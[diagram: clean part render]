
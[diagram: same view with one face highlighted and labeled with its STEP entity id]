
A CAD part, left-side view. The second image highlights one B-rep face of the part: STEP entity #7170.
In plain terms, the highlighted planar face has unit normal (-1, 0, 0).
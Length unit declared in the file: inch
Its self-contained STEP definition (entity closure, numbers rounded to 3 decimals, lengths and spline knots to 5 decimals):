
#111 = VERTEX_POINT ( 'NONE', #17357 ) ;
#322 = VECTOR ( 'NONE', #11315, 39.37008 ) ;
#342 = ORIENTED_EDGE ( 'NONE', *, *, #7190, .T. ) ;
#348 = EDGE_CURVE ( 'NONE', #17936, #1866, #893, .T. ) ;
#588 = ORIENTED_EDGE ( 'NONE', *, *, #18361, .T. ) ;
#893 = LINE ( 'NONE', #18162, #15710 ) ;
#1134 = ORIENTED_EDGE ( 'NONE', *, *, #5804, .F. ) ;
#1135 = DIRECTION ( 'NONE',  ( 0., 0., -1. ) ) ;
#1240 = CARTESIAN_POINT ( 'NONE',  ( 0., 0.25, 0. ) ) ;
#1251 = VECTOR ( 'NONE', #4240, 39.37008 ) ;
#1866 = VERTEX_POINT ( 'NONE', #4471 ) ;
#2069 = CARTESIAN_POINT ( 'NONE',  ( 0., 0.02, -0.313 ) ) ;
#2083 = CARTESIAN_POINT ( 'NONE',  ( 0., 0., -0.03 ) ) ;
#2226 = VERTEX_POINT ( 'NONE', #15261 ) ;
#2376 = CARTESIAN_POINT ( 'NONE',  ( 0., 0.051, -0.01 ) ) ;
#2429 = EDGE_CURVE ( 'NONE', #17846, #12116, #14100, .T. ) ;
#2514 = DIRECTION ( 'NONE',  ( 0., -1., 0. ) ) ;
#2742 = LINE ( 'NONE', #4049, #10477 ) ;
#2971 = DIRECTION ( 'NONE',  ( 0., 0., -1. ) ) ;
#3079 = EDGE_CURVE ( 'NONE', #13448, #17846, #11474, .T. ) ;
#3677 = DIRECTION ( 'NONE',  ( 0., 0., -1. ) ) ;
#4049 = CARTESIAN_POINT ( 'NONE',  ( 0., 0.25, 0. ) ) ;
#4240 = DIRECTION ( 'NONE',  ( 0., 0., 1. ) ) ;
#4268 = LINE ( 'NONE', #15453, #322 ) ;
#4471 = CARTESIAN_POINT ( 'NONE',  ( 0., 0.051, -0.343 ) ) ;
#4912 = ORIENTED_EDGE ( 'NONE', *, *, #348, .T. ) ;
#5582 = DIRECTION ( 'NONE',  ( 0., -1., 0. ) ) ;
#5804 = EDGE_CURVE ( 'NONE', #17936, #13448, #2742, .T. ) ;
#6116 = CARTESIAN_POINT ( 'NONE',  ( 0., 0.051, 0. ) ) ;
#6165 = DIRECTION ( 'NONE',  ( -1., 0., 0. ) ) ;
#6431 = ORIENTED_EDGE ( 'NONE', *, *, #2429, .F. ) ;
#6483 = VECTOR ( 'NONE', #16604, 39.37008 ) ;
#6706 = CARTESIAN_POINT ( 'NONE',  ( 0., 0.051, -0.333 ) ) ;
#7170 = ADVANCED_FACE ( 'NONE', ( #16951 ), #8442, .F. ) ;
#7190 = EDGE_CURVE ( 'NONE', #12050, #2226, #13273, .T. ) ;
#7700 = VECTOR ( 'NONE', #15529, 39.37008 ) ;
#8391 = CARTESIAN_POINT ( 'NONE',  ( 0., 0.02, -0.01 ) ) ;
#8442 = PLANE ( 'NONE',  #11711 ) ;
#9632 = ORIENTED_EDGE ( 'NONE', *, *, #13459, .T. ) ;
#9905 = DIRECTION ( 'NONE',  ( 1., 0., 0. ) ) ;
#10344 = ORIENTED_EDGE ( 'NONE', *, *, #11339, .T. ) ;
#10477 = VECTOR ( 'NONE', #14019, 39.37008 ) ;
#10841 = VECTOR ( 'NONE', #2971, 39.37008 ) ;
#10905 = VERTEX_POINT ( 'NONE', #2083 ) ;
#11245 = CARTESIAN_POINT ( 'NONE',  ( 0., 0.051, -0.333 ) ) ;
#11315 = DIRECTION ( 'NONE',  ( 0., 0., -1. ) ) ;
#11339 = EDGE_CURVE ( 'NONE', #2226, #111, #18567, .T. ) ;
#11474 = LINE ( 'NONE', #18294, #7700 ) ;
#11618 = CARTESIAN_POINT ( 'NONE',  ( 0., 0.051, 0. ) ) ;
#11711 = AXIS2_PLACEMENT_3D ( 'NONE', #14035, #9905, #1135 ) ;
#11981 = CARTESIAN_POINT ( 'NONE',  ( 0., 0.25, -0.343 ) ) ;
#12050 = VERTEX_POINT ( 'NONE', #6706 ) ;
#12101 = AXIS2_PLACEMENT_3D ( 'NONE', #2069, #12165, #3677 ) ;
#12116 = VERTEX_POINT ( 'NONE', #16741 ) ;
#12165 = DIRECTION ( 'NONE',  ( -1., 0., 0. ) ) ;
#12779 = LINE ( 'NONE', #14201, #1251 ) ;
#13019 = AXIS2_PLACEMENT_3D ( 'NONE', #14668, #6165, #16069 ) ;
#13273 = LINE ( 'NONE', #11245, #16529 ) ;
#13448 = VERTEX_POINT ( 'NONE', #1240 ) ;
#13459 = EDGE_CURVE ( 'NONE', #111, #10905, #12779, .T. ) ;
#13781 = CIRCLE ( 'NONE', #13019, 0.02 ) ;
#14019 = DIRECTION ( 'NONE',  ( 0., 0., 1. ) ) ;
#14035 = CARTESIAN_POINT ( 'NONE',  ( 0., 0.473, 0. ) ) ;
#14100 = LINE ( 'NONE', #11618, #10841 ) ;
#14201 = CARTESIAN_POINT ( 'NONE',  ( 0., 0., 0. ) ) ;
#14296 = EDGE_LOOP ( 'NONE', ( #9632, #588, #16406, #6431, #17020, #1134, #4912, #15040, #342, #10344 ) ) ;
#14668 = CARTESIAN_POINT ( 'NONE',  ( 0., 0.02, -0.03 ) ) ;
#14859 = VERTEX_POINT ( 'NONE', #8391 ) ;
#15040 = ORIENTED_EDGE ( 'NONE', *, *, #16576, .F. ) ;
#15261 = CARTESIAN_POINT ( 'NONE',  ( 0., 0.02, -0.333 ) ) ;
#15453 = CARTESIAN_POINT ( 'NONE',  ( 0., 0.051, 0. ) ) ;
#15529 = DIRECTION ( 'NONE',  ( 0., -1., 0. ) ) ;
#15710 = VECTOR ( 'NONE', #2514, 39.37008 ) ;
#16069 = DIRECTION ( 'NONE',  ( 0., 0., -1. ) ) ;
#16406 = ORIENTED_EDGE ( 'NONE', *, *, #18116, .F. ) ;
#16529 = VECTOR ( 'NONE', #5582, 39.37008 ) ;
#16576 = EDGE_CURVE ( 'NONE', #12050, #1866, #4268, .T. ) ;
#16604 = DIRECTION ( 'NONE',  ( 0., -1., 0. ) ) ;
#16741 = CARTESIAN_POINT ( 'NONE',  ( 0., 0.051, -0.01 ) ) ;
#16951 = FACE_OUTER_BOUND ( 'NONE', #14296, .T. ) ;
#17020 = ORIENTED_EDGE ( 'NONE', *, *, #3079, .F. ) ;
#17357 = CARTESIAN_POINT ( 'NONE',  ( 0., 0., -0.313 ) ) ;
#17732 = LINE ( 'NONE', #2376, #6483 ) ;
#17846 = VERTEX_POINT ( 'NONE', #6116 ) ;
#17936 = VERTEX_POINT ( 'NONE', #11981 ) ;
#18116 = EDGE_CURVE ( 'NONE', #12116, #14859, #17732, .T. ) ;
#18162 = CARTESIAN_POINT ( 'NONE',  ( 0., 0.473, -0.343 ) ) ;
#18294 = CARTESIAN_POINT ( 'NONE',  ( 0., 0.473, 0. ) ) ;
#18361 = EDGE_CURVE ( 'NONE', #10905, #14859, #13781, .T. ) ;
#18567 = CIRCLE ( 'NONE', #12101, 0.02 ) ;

▶ Exercise goal: From the entries above, give again exactly the lines running from the line with "#11339 = EDGE_CURVE" to the line with "#14201 = CARTESIAN_POINT"; include both of those lines.

▶ Solved problem:
#11339 = EDGE_CURVE ( 'NONE', #2226, #111, #18567, .T. ) ;
#11474 = LINE ( 'NONE', #18294, #7700 ) ;
#11618 = CARTESIAN_POINT ( 'NONE',  ( 0., 0.051, 0. ) ) ;
#11711 = AXIS2_PLACEMENT_3D ( 'NONE', #14035, #9905, #1135 ) ;
#11981 = CARTESIAN_POINT ( 'NONE',  ( 0., 0.25, -0.343 ) ) ;
#12050 = VERTEX_POINT ( 'NONE', #6706 ) ;
#12101 = AXIS2_PLACEMENT_3D ( 'NONE', #2069, #12165, #3677 ) ;
#12116 = VERTEX_POINT ( 'NONE', #16741 ) ;
#12165 = DIRECTION ( 'NONE',  ( -1., 0., 0. ) ) ;
#12779 = LINE ( 'NONE', #14201, #1251 ) ;
#13019 = AXIS2_PLACEMENT_3D ( 'NONE', #14668, #6165, #16069 ) ;
#13273 = LINE ( 'NONE', #11245, #16529 ) ;
#13448 = VERTEX_POINT ( 'NONE', #1240 ) ;
#13459 = EDGE_CURVE ( 'NONE', #111, #10905, #12779, .T. ) ;
#13781 = CIRCLE ( 'NONE', #13019, 0.02 ) ;
#14019 = DIRECTION ( 'NONE',  ( 0., 0., 1. ) ) ;
#14035 = CARTESIAN_POINT ( 'NONE',  ( 0., 0.473, 0. ) ) ;
#14100 = LINE ( 'NONE', #11618, #10841 ) ;
#14201 = CARTESIAN_POINT ( 'NONE',  ( 0., 0., 0. ) ) ;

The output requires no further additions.